PROBLEM ::
If a line of the entries below includes the word "TreatAsAtomicUnit", it counts; state the total and nothing further.

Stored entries

⟨

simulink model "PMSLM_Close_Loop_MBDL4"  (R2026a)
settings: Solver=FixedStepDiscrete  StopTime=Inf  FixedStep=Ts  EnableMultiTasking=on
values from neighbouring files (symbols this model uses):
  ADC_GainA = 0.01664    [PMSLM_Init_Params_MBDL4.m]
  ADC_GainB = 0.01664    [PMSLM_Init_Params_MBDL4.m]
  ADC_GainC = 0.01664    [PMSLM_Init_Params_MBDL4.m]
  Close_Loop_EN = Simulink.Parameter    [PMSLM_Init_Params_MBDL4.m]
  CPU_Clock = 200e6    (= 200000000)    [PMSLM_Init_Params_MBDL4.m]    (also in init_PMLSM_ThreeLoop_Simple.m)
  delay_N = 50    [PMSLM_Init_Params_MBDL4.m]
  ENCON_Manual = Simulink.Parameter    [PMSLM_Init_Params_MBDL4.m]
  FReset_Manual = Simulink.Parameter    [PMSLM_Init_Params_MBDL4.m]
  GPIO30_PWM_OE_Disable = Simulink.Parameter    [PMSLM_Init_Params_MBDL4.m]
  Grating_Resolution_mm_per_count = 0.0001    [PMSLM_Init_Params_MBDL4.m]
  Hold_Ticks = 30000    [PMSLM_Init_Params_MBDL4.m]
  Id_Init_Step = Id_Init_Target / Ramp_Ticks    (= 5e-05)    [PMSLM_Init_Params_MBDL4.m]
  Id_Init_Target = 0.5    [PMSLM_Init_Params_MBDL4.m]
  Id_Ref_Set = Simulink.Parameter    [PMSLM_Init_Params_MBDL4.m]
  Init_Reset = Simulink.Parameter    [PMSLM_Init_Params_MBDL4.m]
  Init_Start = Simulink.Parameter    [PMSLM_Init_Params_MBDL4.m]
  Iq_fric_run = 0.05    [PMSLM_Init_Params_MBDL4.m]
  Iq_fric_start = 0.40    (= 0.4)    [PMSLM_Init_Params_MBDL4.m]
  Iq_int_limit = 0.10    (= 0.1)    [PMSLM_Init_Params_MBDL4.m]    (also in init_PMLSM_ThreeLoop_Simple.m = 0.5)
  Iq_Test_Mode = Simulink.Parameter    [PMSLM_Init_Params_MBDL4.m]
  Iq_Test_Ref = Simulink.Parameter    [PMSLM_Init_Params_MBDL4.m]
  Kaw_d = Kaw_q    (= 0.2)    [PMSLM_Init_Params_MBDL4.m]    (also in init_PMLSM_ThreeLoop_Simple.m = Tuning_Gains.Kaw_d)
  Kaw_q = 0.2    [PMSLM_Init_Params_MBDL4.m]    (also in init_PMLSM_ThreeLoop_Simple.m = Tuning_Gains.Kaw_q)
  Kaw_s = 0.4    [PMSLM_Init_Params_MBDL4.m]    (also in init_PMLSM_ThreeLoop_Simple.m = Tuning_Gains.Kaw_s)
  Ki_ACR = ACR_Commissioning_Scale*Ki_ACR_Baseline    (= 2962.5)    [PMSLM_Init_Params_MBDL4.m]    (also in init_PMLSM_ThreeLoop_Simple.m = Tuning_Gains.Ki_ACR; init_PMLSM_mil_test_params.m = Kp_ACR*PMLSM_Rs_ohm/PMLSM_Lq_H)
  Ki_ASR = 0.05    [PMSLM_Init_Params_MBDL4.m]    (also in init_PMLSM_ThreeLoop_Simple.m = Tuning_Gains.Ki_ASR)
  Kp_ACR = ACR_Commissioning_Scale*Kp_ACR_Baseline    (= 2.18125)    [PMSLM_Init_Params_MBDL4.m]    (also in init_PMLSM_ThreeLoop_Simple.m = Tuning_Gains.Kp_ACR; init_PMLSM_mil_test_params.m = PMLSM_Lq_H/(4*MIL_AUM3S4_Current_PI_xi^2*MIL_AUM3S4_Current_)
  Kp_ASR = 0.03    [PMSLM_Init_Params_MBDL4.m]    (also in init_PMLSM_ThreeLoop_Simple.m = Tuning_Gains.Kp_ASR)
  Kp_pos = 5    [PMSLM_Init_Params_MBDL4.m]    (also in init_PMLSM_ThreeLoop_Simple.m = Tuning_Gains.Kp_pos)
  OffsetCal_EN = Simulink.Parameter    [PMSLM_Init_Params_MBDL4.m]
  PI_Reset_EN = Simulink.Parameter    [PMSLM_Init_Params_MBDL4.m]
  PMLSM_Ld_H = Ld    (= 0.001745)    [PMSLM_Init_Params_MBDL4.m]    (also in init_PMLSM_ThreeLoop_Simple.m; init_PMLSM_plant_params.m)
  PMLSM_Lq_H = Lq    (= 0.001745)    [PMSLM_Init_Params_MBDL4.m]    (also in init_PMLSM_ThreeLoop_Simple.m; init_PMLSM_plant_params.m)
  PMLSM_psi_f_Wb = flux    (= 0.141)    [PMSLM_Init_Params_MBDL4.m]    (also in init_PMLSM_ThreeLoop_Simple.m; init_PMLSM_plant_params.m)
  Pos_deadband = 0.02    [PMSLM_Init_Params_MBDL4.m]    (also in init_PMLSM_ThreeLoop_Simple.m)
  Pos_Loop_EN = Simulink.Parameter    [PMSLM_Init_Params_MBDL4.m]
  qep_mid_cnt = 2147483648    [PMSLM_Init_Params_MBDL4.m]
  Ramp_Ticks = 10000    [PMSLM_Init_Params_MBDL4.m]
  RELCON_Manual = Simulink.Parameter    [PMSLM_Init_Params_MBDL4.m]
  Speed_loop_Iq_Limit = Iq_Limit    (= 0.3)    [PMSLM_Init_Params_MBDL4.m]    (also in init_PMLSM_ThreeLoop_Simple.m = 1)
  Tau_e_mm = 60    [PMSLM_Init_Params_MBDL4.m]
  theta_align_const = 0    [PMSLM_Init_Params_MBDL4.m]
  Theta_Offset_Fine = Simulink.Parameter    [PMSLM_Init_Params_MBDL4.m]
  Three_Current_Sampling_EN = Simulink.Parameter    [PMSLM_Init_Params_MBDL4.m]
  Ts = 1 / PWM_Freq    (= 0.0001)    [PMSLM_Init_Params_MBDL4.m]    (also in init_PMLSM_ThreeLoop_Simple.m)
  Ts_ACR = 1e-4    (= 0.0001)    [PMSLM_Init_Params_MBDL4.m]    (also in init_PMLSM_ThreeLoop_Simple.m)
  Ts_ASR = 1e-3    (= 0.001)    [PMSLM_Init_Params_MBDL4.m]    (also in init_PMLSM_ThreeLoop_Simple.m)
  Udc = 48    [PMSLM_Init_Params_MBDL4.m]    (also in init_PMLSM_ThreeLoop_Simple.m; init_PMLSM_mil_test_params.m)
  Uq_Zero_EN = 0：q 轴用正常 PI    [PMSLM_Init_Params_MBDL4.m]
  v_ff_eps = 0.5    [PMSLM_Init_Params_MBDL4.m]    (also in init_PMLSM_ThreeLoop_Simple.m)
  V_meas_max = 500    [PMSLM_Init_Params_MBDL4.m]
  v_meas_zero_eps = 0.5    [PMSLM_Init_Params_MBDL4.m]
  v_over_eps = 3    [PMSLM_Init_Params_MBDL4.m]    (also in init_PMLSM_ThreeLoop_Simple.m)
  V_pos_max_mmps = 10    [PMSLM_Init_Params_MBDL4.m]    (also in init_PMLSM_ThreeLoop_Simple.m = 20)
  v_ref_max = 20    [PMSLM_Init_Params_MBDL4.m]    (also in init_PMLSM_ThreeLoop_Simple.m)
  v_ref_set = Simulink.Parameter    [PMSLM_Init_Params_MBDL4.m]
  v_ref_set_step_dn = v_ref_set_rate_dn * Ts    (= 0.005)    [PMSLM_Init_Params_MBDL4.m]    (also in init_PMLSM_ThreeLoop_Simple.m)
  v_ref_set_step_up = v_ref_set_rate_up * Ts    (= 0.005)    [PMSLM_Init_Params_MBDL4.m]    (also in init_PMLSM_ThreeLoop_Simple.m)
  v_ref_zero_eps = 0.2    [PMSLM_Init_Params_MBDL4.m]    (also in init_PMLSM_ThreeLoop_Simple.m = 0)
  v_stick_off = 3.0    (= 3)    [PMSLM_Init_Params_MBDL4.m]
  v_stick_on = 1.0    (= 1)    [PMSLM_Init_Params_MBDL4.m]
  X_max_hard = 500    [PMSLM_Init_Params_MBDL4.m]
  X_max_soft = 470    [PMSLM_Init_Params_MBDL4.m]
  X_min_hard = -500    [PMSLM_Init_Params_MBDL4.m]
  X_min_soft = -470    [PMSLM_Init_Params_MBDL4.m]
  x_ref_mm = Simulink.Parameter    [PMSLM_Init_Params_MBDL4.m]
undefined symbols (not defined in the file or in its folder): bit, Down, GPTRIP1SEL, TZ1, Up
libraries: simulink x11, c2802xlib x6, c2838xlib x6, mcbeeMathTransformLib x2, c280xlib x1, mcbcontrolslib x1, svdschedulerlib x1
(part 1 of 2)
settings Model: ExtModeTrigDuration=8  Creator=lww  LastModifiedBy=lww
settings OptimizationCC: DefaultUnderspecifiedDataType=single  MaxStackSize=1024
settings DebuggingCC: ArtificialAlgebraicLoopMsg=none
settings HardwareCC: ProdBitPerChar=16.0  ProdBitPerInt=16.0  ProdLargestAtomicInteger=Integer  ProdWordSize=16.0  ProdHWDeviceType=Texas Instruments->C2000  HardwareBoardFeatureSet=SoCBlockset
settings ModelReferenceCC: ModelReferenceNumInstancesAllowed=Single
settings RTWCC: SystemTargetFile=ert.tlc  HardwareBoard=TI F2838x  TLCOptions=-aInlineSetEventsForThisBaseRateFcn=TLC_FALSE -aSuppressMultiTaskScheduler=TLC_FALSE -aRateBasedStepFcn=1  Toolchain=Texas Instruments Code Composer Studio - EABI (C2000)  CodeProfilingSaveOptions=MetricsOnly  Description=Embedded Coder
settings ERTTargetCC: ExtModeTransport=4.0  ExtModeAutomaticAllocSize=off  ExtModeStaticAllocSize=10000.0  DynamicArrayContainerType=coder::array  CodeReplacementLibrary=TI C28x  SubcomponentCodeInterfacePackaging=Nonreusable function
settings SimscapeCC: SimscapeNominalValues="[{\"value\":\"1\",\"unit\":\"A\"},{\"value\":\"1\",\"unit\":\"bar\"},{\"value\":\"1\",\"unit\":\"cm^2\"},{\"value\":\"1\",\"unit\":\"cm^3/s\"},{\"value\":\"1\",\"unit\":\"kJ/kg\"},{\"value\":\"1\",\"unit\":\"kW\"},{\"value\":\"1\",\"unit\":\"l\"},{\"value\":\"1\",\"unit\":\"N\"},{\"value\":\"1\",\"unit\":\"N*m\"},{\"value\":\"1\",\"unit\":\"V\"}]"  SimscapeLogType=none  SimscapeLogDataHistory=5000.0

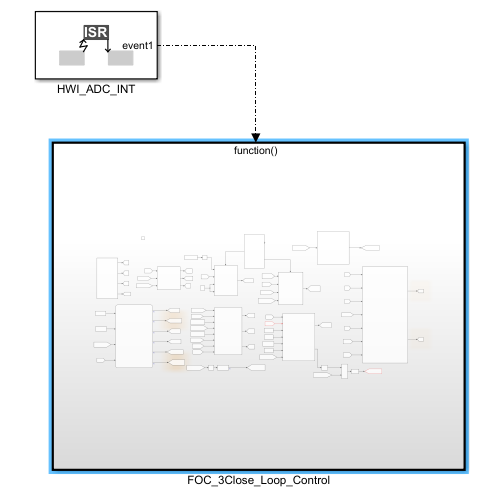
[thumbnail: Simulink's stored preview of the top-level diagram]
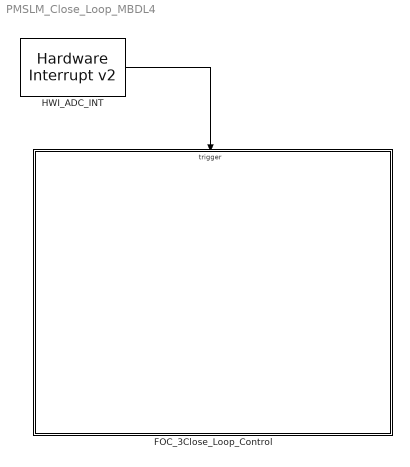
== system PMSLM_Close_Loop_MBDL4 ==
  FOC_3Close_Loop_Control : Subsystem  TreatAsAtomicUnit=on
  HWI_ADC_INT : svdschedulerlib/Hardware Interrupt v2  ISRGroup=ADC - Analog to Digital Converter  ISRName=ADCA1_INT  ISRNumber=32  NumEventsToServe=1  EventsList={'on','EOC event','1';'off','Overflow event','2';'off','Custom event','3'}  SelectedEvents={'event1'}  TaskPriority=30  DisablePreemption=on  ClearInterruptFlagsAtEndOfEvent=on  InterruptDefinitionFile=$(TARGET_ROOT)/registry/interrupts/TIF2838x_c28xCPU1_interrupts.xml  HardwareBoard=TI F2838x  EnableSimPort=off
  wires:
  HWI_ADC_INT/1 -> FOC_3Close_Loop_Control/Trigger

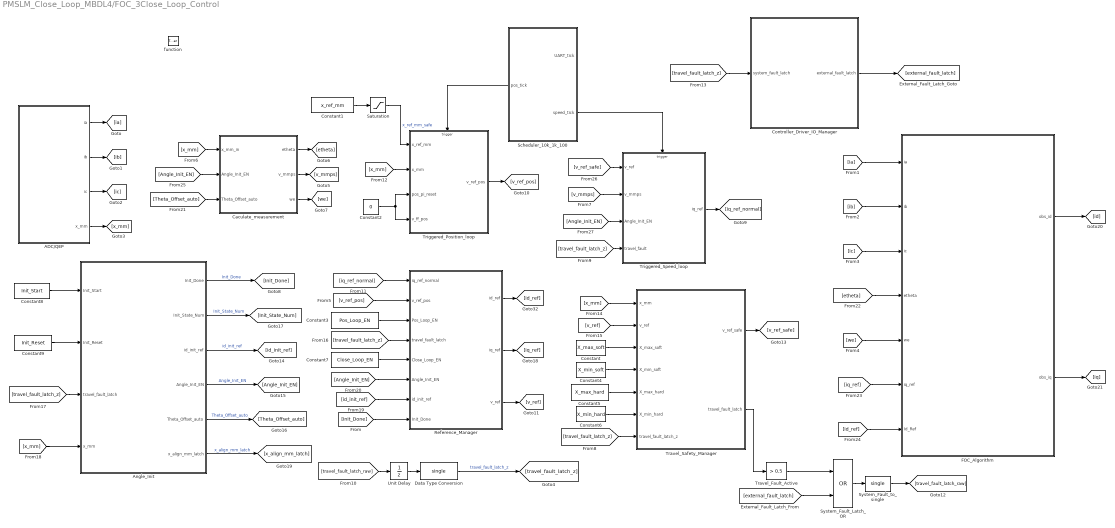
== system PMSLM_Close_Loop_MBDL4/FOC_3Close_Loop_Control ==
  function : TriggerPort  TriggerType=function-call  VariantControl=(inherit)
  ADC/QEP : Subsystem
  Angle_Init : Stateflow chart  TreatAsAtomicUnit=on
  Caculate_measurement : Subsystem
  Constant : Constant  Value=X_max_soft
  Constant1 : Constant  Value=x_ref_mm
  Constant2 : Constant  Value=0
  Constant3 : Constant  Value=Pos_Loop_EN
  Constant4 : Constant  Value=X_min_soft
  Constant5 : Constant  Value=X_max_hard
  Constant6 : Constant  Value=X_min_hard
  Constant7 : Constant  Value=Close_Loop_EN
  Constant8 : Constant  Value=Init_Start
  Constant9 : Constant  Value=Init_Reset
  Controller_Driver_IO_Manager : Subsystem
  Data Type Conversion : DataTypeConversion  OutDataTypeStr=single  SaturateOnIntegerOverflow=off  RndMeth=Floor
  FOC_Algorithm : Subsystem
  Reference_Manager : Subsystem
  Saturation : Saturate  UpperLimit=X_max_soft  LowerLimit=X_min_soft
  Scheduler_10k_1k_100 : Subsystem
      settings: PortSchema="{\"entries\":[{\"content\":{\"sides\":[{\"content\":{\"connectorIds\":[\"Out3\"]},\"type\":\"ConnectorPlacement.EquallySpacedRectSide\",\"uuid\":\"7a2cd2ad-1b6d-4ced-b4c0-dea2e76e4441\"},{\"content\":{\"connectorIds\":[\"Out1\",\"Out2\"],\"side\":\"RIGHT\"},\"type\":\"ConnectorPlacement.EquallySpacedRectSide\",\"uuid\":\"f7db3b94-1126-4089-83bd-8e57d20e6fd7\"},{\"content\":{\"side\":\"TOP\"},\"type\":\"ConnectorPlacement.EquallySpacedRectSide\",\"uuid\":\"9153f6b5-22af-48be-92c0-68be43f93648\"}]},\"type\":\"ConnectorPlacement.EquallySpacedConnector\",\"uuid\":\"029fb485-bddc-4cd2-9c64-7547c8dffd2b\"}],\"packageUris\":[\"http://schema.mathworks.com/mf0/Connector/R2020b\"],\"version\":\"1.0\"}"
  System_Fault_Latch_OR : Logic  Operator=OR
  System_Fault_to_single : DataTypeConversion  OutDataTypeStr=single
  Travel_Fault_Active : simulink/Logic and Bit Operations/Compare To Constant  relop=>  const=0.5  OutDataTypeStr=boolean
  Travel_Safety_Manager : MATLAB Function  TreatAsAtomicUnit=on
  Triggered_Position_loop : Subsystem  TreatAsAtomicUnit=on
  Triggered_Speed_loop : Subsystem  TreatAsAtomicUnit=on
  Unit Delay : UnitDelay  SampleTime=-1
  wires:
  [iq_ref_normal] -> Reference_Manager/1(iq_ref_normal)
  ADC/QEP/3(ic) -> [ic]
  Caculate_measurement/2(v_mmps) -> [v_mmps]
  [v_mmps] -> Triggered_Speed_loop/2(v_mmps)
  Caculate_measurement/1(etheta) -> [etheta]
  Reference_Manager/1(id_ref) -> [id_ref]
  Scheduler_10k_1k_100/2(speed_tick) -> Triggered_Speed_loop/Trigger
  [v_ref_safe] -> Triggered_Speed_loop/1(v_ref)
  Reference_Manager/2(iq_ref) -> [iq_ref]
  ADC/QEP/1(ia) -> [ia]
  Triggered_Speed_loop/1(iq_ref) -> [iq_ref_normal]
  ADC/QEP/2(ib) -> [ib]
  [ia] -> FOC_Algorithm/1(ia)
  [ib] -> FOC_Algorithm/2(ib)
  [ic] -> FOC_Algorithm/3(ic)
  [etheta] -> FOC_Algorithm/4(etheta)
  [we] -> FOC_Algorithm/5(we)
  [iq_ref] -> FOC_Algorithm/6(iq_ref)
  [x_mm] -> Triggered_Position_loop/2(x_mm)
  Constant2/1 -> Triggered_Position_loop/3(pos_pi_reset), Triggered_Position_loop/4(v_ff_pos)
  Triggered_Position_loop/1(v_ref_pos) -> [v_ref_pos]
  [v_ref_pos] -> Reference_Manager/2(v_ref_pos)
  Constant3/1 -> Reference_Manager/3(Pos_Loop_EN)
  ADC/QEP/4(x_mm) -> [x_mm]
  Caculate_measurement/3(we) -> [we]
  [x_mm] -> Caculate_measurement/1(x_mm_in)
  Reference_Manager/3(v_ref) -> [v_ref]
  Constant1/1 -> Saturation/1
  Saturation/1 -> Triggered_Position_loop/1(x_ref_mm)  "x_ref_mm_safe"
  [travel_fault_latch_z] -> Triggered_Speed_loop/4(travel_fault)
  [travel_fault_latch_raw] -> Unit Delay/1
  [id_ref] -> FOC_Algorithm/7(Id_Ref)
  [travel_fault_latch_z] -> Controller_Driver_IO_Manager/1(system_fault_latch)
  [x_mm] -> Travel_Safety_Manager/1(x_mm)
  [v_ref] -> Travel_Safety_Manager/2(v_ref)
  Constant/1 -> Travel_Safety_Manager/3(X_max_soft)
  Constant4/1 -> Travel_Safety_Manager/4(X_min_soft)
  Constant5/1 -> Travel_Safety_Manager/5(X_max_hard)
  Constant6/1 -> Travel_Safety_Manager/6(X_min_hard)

⟩

EXERCISE RESULT ::
5